# Which MTA to use with Dovecot in a jail?



## dvl@ (Oct 18, 2013)

I'm planning to deploy a personal dovecot IMAP server (i.e. I am the only user) in a FreeBSD jail.

At present, I have IMAP deployed on the same host as one of my mail servers, which is running Postfix.  I do like Postfix, but it seems to be a bit overkill for this particular situation. 

All my incoming MX are provided by Google.  They handle the incoming mail and forward to my private MX, and from there the mail for me goes into my ~/Maildir.

With the move to IMAP in a jail, I need to get the mail from my private MX into that jail.  All mail being sent to that jail will be destined for my ~/Maildir, with some massaging via procmail.

Given that I've just started using mail/nullmailer, I was wondering if there was something simple that I could use.

I was planning to use postfix, require TLS, lock things down tightly.  But I'm open to suggestions for something simple.


----------



## ShelLuser (Oct 18, 2013)

dvl@ said:
			
		

> All my incoming MX are provided by Google.  They handle the incoming mail and forward to my private MX, and from there the mail for me goes into my ~/Maildir.
> 
> With the move to IMAP in a jail, I need to get the mail from my private MX into that jail.  All mail being sent to that jail will be destined for my ~/Maildir, with some massaging via procmail.


Now, the combination of Postfix and Dovecot is one of my personal favourites too, especially since you can relatively easy make Postfix share the same authentication scheme which Dovecot uses.
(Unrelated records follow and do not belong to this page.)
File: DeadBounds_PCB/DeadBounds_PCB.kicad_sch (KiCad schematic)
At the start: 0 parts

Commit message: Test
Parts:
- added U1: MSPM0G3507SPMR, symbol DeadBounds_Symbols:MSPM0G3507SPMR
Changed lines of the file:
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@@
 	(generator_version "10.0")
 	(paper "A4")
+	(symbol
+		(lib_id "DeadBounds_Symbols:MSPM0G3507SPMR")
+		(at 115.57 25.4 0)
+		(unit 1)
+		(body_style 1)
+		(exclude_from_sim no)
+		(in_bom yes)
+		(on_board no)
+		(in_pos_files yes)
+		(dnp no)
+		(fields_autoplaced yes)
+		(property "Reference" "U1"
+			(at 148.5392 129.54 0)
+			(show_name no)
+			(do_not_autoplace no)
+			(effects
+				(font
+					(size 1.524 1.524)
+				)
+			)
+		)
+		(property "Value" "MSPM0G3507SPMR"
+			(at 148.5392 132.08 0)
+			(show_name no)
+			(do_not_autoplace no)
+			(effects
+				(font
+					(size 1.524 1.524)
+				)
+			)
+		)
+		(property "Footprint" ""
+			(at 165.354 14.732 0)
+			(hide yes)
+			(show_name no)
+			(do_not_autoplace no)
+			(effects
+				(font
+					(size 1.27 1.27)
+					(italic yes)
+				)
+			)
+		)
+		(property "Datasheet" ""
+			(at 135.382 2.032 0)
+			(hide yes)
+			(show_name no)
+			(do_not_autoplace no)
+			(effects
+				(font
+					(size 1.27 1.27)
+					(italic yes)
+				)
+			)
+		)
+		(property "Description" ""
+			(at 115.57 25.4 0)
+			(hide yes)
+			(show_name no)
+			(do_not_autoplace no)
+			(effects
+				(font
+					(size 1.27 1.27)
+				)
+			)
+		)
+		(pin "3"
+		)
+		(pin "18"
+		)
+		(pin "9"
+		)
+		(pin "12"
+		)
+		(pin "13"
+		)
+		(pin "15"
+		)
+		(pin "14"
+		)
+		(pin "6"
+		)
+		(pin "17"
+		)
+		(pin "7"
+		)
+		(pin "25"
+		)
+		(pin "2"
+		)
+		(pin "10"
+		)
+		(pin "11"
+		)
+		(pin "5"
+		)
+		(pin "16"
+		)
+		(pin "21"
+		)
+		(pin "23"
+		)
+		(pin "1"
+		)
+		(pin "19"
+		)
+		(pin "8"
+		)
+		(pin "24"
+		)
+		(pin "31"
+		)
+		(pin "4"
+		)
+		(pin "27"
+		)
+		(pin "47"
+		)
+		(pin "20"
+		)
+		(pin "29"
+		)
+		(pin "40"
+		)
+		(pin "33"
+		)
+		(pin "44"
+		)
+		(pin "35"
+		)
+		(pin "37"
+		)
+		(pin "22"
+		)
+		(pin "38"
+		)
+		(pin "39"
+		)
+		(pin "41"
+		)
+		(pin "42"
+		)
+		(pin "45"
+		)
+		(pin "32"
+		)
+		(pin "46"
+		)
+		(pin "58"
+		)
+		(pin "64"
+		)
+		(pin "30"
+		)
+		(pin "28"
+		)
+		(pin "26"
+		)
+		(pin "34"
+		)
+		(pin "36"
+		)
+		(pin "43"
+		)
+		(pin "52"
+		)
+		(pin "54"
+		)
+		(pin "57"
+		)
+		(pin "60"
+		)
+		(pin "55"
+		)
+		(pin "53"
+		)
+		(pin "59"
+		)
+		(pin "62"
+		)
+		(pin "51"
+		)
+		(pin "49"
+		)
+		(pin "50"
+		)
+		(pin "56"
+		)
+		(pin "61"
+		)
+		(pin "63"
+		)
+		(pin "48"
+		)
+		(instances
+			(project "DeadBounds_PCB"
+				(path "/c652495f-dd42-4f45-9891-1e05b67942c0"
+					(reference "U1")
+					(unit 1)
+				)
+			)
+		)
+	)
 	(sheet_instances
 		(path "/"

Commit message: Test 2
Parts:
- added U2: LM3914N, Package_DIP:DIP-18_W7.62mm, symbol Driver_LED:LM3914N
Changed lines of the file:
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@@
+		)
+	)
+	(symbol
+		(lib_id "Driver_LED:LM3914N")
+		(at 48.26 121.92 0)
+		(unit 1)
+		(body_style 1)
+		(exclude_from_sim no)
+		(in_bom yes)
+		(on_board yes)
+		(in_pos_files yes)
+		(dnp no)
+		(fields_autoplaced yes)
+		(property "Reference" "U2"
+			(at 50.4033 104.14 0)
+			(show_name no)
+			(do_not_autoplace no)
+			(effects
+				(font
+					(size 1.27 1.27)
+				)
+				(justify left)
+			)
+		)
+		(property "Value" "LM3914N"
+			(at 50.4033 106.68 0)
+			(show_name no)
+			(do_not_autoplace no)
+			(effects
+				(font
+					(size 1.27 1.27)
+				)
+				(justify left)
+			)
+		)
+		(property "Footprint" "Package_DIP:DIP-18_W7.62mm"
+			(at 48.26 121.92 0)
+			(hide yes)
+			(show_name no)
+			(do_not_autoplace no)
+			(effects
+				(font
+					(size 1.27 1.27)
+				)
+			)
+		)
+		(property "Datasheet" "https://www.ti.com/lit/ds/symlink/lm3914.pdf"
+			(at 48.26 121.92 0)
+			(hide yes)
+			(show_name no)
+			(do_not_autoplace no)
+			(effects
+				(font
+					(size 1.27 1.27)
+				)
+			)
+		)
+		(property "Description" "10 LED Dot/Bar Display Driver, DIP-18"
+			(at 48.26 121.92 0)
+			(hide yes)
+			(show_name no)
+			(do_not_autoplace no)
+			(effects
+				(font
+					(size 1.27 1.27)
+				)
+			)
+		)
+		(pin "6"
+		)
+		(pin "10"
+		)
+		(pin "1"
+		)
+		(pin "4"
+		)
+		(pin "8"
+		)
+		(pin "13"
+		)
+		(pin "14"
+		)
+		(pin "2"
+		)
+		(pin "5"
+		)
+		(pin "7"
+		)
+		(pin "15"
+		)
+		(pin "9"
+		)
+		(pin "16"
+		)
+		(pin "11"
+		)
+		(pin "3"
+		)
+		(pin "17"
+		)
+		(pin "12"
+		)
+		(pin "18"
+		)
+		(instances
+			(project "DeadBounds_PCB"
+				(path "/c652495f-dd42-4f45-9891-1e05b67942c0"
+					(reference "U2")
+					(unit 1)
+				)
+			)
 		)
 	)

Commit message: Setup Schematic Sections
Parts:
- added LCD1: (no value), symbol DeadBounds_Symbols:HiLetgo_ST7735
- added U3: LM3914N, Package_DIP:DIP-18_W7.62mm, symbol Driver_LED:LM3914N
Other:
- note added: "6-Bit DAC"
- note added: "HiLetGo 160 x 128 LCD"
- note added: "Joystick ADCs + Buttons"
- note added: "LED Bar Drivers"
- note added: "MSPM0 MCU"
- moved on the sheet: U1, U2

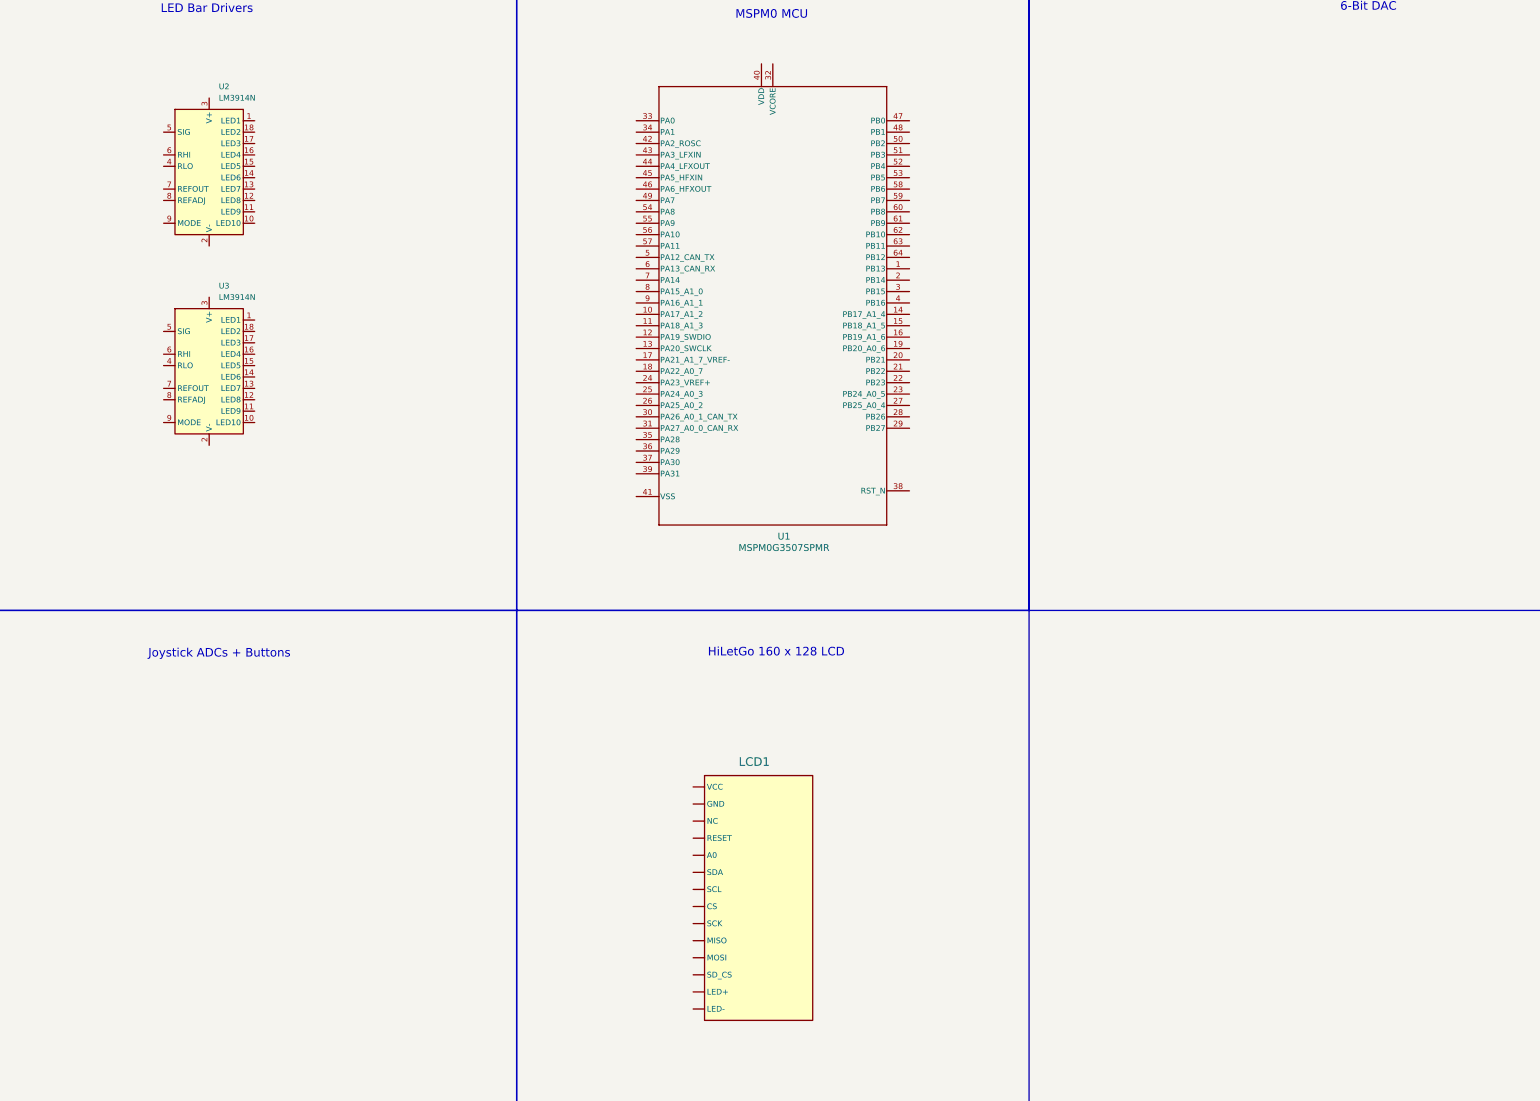
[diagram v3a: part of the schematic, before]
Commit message: Added Hierarchal Sheets
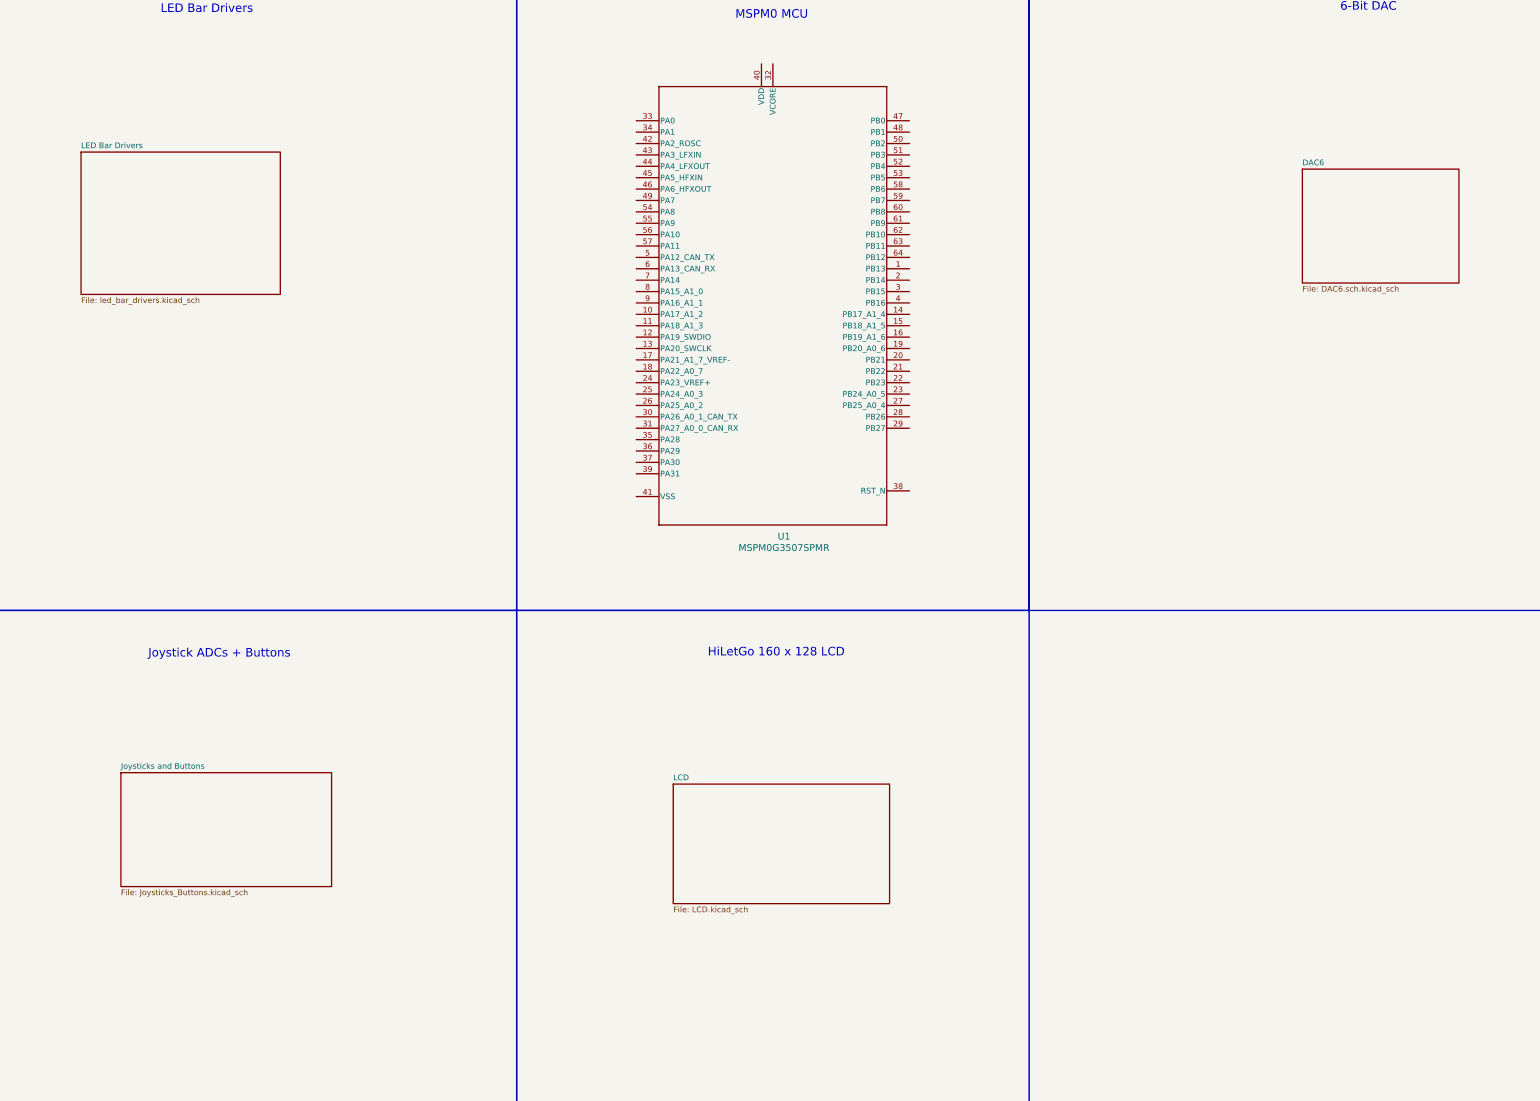
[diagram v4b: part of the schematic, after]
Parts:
- removed LCD1: (no value), symbol DeadBounds_Symbols:HiLetgo_ST7735
- removed U2, U3: LM3914N, Package_DIP:DIP-18_W7.62mm, symbol Driver_LED:LM3914N
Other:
- added sheet DAC6 (DAC6.sch.kicad_sch)
- added sheet Joysticks and Buttons (Joysticks_Buttons.kicad_sch)
- added sheet LCD (LCD.kicad_sch)
- added sheet LED Bar Drivers (led_bar_drivers.kicad_sch)

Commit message: Finished schematics, assigned/made footprints except for resistors
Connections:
- net LCD/RESET_LCD: now reaches U1.3 (PB15)
- net Joysticks and Buttons/VRY1: now reaches U1.30 (PA26_A0_1_CAN_TX)
- net Joysticks and Buttons/VRX1: now reaches U1.31 (PA27_A0_0_CAN_RX)
- net DAC6/LS1DAC0: now reaches U1.47 (PB0)
- net DAC6/LS1DAC1: now reaches U1.48 (PB1)
- net DAC6/LS1DAC2: now reaches U1.50 (PB2)
- net DAC6/LS1DAC3: now reaches U1.51 (PB3)
- net DAC6/LS1DAC4: now reaches U1.52 (PB4)
- net DAC6/LS1DAC5: now reaches U1.53 (PB5)
- net LCD/CS_LCD: now reaches U1.58 (PB6)
- net D/C_LCD: now reaches U1.6 (PA13_CAN_RX)
- net LCD/MOSI_LCD: now reaches U1.60 (PB8)
- net LCD/CLK_LCD: now reaches U1.61 (PB9)
- net Joysticks and Buttons/VRX2: now reaches U1.8 (PA15_A1_0)
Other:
- sheet DAC6 ports: added LS1DAC0, LS1DAC1, LS1DAC2, LS1DAC3, LS1DAC4, LS1DAC5; removed none
- sheet Joysticks and Buttons ports: added SWLang, SWShoot, VRX1, VRX2, VRY1; removed none
- sheet LCD ports: added CLK_LCD, CS_LCD, D/C_LCD, MOSI_LCD, RESET_LCD; removed none
- sheet LED Bar Drivers ports: added AMMODAC0, AMMODAC1, AMMODAC2, HPDAC0, HPDAC1, HPDAC2, HPDAC3; removed none
- note added: "Audio 6-bit DAC"
- note removed: "6-Bit DAC"
- note removed: "HiLetGo 160 x 128 LCD"
- note removed: "Joystick ADCs + Buttons"
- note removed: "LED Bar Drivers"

Effectively providing one user name and password combination for both incoming and outgoing e-mail.

But in your case I think this isn't an issue at all since your outgoing e-mail is most likely handled by Google as well.

So if it's ease of use you're after why not stop using an MTA entirely? Unless of course you still need one to handle your private e-mail (the private MX records you mentioned).

But when it comes to e-mail from Google I wonder if a mail retrieval system couldn't be a liable option? Something in the likes of mail/fetchmail; a system which retrieves the e-mail from a remote location and then stores it in a local mail storage (an mbox or Maildir mailbox).


----------



## dvl@ (Oct 18, 2013)

ShelLuser said:
			
		

> So if it's ease of use you're after why not stop using an MTA entirely? Unless of course you still need one to handle your private e-mail (the private MX records you mentioned).



Because I need some way to get the mail into the IMAP server.



			
				ShelLuser said:
			
		

> But when it comes to e-mail from Google I wonder if a mail retrieval system couldn't be a liable option? Something in the likes of mail/fetchmail; a system which retrieves the e-mail from a remote location and then stores it in a local mail storage (an mbox or Maildir mailbox).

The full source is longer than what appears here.